Simulation involves tradeoffs in space (memory) and time (processing power), and there's two more real-world trade-offs: Size of the computation machinery and ratio of simulation time to real-world time. Let's address these.
Let's be optimistic here. Let's assume that rather than have the memory for the simulation of the entire grid allocated, the grid is sparse, and the simulation only assigns memory for the particles in the known universe. That's 100,000,000,000,000,000,000,000,000,000,000,000,000,000,000,000,000,000,000,000,000,000,000,000,000,000,000 (or 1x10^80, 1E80 for short) particles, and the memory required for each particle. With any reasonable assumption, any given memory cell must have a mass equivalent to at least 1 fundamental particle, and more likely to be several orders of magnitude larger. That gives us a lower bound of the mass of the entire visible universe for our universe to be a simulation.
What about computation time? There are information-theoretical limits to computation. An ideal quantum computer could store one bit of information in one particle. I have no idea what the resolution or range of numbers should be for quantum states. But I understand that the simplest real particles are believes to be described by 12-14 quantum numbers.

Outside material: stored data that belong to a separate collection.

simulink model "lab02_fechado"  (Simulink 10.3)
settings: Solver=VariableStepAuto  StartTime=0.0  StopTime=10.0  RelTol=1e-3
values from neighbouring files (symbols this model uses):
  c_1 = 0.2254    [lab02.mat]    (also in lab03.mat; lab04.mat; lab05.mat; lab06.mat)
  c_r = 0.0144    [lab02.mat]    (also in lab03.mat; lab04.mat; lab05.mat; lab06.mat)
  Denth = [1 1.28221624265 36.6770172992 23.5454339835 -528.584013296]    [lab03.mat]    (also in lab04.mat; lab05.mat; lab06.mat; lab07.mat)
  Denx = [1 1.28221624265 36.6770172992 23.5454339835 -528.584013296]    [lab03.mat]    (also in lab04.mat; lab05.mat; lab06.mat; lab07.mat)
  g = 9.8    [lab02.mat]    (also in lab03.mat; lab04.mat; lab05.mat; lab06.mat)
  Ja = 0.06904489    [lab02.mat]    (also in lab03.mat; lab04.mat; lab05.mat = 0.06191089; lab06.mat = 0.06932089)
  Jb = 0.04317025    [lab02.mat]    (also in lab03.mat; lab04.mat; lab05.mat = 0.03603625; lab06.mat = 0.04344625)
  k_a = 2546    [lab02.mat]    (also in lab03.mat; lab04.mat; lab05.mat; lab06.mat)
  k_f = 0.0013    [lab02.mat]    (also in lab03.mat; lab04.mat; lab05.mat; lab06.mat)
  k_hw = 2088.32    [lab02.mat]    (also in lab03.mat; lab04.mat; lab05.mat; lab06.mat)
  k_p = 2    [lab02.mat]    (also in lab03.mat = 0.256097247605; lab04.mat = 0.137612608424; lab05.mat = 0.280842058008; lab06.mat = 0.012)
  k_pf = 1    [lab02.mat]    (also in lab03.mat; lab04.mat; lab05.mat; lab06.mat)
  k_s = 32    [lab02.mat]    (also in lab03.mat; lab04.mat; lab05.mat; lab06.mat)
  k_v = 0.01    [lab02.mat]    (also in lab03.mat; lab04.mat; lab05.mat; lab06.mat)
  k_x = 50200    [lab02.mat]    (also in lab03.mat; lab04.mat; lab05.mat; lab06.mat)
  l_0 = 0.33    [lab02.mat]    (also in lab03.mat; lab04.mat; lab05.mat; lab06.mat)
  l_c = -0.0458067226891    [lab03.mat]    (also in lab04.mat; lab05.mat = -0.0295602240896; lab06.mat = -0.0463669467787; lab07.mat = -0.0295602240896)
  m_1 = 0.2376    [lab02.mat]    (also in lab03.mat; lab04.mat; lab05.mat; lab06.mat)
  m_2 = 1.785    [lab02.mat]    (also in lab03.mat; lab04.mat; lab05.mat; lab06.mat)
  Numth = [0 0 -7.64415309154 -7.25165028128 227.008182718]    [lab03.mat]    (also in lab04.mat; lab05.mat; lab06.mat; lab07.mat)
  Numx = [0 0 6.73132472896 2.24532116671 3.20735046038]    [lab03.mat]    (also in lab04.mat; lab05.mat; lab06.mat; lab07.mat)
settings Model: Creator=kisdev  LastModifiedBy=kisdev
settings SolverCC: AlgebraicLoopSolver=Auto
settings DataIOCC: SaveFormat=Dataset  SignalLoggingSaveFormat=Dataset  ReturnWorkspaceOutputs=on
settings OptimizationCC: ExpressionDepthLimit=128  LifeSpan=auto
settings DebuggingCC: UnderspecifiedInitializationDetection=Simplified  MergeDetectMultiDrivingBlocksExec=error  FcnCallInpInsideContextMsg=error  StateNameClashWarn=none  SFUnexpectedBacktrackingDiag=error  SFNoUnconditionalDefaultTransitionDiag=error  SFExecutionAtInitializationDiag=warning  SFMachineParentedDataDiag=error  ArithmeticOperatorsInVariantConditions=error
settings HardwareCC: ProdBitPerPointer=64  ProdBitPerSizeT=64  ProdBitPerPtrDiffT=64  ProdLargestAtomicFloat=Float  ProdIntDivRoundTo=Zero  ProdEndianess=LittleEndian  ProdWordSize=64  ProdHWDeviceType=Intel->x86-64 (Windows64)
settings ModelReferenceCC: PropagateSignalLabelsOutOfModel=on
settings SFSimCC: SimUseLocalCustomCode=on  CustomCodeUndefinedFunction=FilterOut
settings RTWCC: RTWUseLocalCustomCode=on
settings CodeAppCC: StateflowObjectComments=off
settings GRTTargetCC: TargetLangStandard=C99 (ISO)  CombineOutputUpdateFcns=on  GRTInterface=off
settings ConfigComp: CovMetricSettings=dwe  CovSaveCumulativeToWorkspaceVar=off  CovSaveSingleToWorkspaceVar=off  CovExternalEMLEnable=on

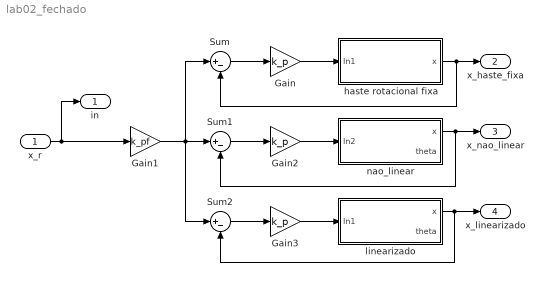
== system lab02_fechado ==
  x_r : Inport
  Gain : Gain  Gain=k_p
  Gain1 : Gain  Gain=k_pf
  Gain2 : Gain  Gain=k_p
  Gain3 : Gain  Gain=k_p
  Sum : Sum  Inputs=|+-
  Sum1 : Sum  Inputs=|+-
  Sum2 : Sum  Inputs=|+-
  haste rotacional fixa : Subsystem
  linearizado : Subsystem
  nao_linear : Subsystem
  in : Outport
  x_haste_fixa : Outport  Port=2
  x_nao_linear : Outport  Port=3
  x_linearizado : Outport  Port=4
  wires:
  x_r/1 -> in/1, Gain1/1
  Gain1/1 -> Sum2/1, Sum1/1, Sum/1
  Sum/1 -> Gain/1
  Sum1/1 -> Gain2/1
  Sum2/1 -> Gain3/1
  nao_linear/1(x) -> Sum1/2, x_nao_linear/1
  Gain2/1 -> nao_linear/1(In2)
  Gain/1 -> haste rotacional fixa/1(In1)
  haste rotacional fixa/1(x) -> Sum/2, x_haste_fixa/1
  Gain3/1 -> linearizado/1(In1)
  linearizado/1(x) -> Sum2/2, x_linearizado/1

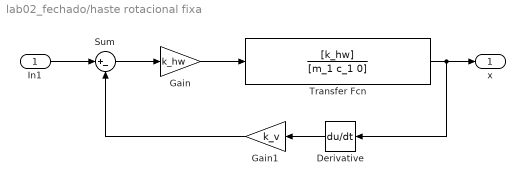
== system lab02_fechado/haste rotacional fixa ==
  In1 : Inport
  Derivative : Derivative
  Gain : Gain  Gain=k_hw
  Gain1 : Gain  Gain=k_v
  Sum : Sum  Inputs=|+-
  Transfer Fcn : TransferFcn  Numerator=[k_hw]  Denominator=[m_1 c_1 0]
  x : Outport
  wires:
  Transfer Fcn/1 -> Derivative/1, x/1
  Derivative/1 -> Gain1/1
  Gain1/1 -> Sum/2
  Gain/1 -> Transfer Fcn/1
  In1/1 -> Sum/1
  Sum/1 -> Gain/1

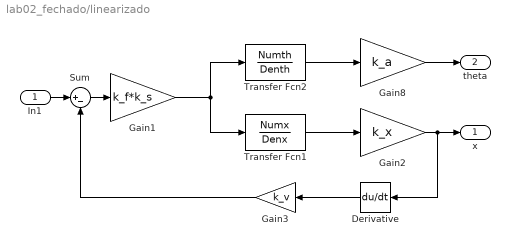
== system lab02_fechado/linearizado ==
  In1 : Inport
  Derivative : Derivative
  Gain1 : Gain  Gain=k_f*k_s
  Gain2 : Gain  Gain=k_x
  Gain3 : Gain  Gain=k_v
  Gain8 : Gain  Gain=k_a
  Sum : Sum  Inputs=|+-
  Transfer Fcn1 : TransferFcn  Numerator=Numx  Denominator=Denx
  Transfer Fcn2 : TransferFcn  Numerator=Numth  Denominator=Denth
  x : Outport
  theta : Outport  Port=2
  wires:
  Sum/1 -> Gain1/1
  In1/1 -> Sum/1
  Gain2/1 -> x/1, Derivative/1
  Transfer Fcn2/1 -> Gain8/1
  Gain1/1 -> Transfer Fcn1/1, Transfer Fcn2/1
  Transfer Fcn1/1 -> Gain2/1
  Gain8/1 -> theta/1
  Gain3/1 -> Sum/2
  Derivative/1 -> Gain3/1

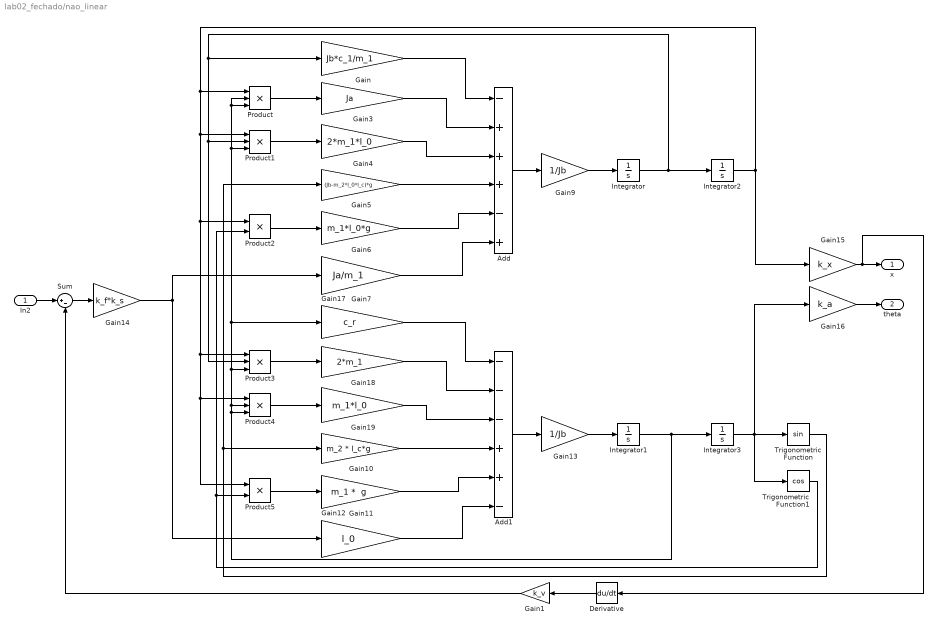
== system lab02_fechado/nao_linear ==
  In2 : Inport
  Add : Sum  Inputs=-+++-+
  Add1 : Sum  Inputs=---++-
  Derivative : Derivative
  Gain : Gain  Gain=Jb*c_1/m_1
  Gain1 : Gain  Gain=k_v
  Gain10 : Gain  Gain=m_2 * l_c*g
  Gain11 : Gain  Gain="m_1 *  g"
  Gain12 : Gain  Gain=l_0
  Gain13 : Gain  Gain=1/Jb
  Gain14 : Gain  Gain=k_f*k_s
  Gain15 : Gain  Gain=k_x
  Gain16 : Gain  Gain=k_a
  Gain17 : Gain  Gain=c_r
  Gain18 : Gain  Gain=2*m_1
  Gain19 : Gain  Gain=m_1*l_0
  Gain3 : Gain  Gain=Ja
  Gain4 : Gain  Gain=2*m_1*l_0
  Gain5 : Gain  Gain=(Jb-m_2*l_0*l_c)*g
  Gain6 : Gain  Gain=m_1*l_0*g
  Gain7 : Gain  Gain=Ja/m_1
  Gain9 : Gain  Gain=1/Jb
  Integrator{,1..3} (4 alike) : Integrator
  Product{,1,3..4} (4 alike) : Product  Inputs=3
  Product2 : Product
  Product5 : Product
  Sum : Sum  Inputs=|+-
  Trigonometric Function : Trigonometry
  Trigonometric Function1 : Trigonometry  Operator=cos
  x : Outport
  theta : Outport  Port=2
  wires:
  Gain9/1 -> Integrator/1
  Integrator3/1 -> Gain16/1, Trigonometric Function1/1, Trigonometric Function/1
  Integrator2/1 -> Gain15/1, Product5/1, Product4/1, Product3/1, Product2/1, Product1/1, Product/1
  Gain/1 -> Add/1
  Gain4/1 -> Add/3
  Add/1 -> Gain9/1
  Product4/1 -> Gain19/1
  Gain11/1 -> Add1/5
  Sum/1 -> Gain14/1
  Gain13/1 -> Integrator1/1
  In2/1 -> Sum/1
  Product2/1 -> Gain6/1
  Gain17/1 -> Add1/1
  Product/1 -> Gain3/1
  Gain12/1 -> Add1/6
  Integrator1/1 -> Product4/3, Product4/2, Product3/3, Gain17/1, Product1/3, Product/3, Product/2, Integrator3/1
  Gain5/1 -> Add/4
  Gain10/1 -> Add1/4
  Gain14/1 -> Gain12/1, Gain7/1
  Integrator/1 -> Gain/1, Product3/2, Product1/2, Integrator2/1
  Gain15/1 -> x/1, Derivative/1
  Gain6/1 -> Add/5
  Product1/1 -> Gain4/1
  Product3/1 -> Gain18/1
  Gain18/1 -> Add1/2
  Trigonometric Function1/1 -> Product5/2, Product2/2
  Gain16/1 -> theta/1
  Gain3/1 -> Add/2
  Trigonometric Function/1 -> Gain10/1, Gain5/1
  Gain19/1 -> Add1/3
  Add1/1 -> Gain13/1
  Gain7/1 -> Add/6
  Product5/1 -> Gain11/1
  Derivative/1 -> Gain1/1
  Gain1/1 -> Sum/2

Let's pick an arbitrarily high number for resolution, and assign 128 bits. That means the simplest particle would be simulated by 1536-1792 particles. Information theory also tells us that the computational speed of this quantum computer is related to temperature and pressure. I believe the only way you could get anything approaching planck-scale computational rates out of a quantum computer would be in a black hole, but my grasp of information theory is too weak to calculate the ideal computation rate of realistic materials are.
Long story short: Simulation always trades time and space for the ability to control the parameters of your simulation. To simulate the universe, would require something orders of magnitude more massive than the universe.